Приход индивидуального нравственного времени. В начале эпохи реформ едва уловимое, а сегодня все более отчетливое, нравственное различие между согражданами свидетельствует о том, что в российском обществе идет процесс культурного различения, основанием которого становится рефлексия «биографии» как социального конструкта.

Вспомним хорошо знакомый по советским временам специфический жанр конструирования индивидуального жизненного пути — автобиографию. Что это было, как не способ нанизывания «фактов» индивидуального жизненного пути к той метарамке, которая задана была помимо индивидуальной воли и социальной фантазии, идеологически предопределена и властно структурирована. Автобиография по формальным критериям была универсальной, писалась достаточно легко и показателем ее индивидуальной «бессмысленности» являлось как раз то, сколько раз в году все ее вынужденно составляли.

Биографическая «неправда» жестко каралась, а излишние литературные «изыски» табуировались. Каждое актуальное социальное передвижение человека сопровождалось данной процедурой. И все «советские» люди с этой практикой свыклись, хотя далеко не каждый — в силу персональной культурной некорректности — с ней справлялся. Не умевший грамотно мыслить автобиографически воспринимался своего рода социальным «идиотом», причем даже, несмотря на то, что советская автобиография чаще всего слабо отражала то, как сам человек мыслил свою жизнь.

Сейчас post factum может показаться, что советская автобиография писалась как будто бы для занесения ее в формализованный компьютерный файл. В ней самым важным был «сухой остаток», а не аутентичный образ некой, еще не до конца прожитой жизни. Человек

конструировал по «общим законам» операциональное описание-и-по-нимание самого себя, тщательно избегая какого-либо идентификационного поиска и смысложизненных терзаний. И это было не просто приблизительным отражением биографической сущности или, тем более, самобытности, а, напротив, бесконечно удаленным и отчужденным от человека продуктом его же собственных конструктивистских стараний.

Горы таких автобиографических листков функционально мало кем были востребованы. Их составление являлось скорее актом символическим, выражением лояльности к идеологическим метанарративам и репрезентативным канонам «совковой» культуры. И поскольку ее институциональные рамки были весьма жесткими, а за «неправильную» автобиографию следовали соответствующие «выводы» — ее многократное написание было скорее процедурой перманентного затвер-деванияЯ-социальности «советского человека».

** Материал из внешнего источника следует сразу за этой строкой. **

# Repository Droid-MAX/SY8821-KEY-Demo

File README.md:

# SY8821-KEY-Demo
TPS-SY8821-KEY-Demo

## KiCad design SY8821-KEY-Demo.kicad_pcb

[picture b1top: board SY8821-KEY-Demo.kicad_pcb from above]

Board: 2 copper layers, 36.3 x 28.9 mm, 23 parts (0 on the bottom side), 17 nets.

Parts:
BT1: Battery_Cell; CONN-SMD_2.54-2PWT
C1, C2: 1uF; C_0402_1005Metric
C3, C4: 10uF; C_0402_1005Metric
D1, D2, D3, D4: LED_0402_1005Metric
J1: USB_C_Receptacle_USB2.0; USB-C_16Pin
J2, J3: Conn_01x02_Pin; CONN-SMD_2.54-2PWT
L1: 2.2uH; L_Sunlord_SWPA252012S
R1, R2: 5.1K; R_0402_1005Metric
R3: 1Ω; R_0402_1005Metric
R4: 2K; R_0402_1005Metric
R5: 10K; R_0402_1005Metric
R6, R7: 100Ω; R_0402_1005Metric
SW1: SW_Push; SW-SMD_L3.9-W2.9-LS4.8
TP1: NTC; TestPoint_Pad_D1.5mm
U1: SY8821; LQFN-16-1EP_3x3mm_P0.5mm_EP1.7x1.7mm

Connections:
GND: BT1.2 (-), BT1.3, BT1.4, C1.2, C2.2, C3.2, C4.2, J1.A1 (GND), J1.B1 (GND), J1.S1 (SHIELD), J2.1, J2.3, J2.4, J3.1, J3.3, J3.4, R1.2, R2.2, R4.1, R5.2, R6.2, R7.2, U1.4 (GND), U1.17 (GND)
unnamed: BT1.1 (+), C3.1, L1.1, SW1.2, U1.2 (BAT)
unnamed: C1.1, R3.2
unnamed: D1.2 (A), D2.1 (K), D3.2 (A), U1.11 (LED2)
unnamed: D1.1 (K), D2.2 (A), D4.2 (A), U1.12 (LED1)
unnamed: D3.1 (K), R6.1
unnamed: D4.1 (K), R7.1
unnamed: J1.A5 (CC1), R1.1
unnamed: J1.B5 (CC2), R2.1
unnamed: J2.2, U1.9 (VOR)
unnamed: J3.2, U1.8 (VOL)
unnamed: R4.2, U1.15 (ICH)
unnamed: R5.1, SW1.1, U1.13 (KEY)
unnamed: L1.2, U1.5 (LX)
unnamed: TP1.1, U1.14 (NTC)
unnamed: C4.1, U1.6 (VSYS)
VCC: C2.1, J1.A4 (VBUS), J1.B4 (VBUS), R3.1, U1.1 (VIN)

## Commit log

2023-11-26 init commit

Не можешь составить автобиографию (а очень часто предлагалось написать ее именно в «свободной форме») — выпадешь из контекста «советской» культуры. Научишься любыми путями уходить от своего «Я» — быстро усвоишь «правила игры» символической репрезентации. И уж если тебя словят на автобиографическом вранье, быть тебе — в лучшем случае — маргиналом, в худшем — по ту сторону железной проволоки. Главное было понять, что в «автобиографической культуре» едины ценностные ориентиры, одно время и пространство.

Принимая эту логику рассуждения, несложно понять причудливый парадокс сегодняшнего дня: в постсоветское время мы незаметно перешли в эпоху культурного исчезновения автобиографии. Ее будто бы и нет. Она напрочь утратила свою систематичность и периодичность и уже не символизирует какие-то стандарты «нормальной» социальности, не говоря уж о необходимости следовать жестким правилам «биографической правды». Мало кто сейчас даже пользуется старыми понятиями, формами, риторическими «правилами», используется множество — нарочито нерусских — слов и приемов биографического повествования.

Спрашивается, что же произошло сегодня с биографическим текстом как таковым? Похоже, что он завис в культурно-символическом вакууме, и человеку не так уж важно привязать свою жизнь к неким заданным извне институциональным координатам, сколько самому эти координаты изобрести.

Наступление новой поставтобиографической эпохи в России, конечно же, связано с серьезной социальной и культурной ломкой, которую переживает общество. Человек вынужден переписывать свой жизненный путь, переписывать институционально, каждый раз «открывая» для себя новую, идентичную индивидуально-институцио-

нальную парадигму. Если главный вопрос биографического конструирования заключается в том, как и на что «нанизывать» факты жизни, а при этом не всегда прозрачны контуры институциональной сетки, то человеку ничего не остается, как творить и творить, отталкиваясь, правда, уже не от идеологем или метанарративов «большевистской» современности, сколько идти от контекста своего непосредственного существования (milieu), своей субкультуры, своего профессионального сообщества, естественным образом располагая Себя-в-центр.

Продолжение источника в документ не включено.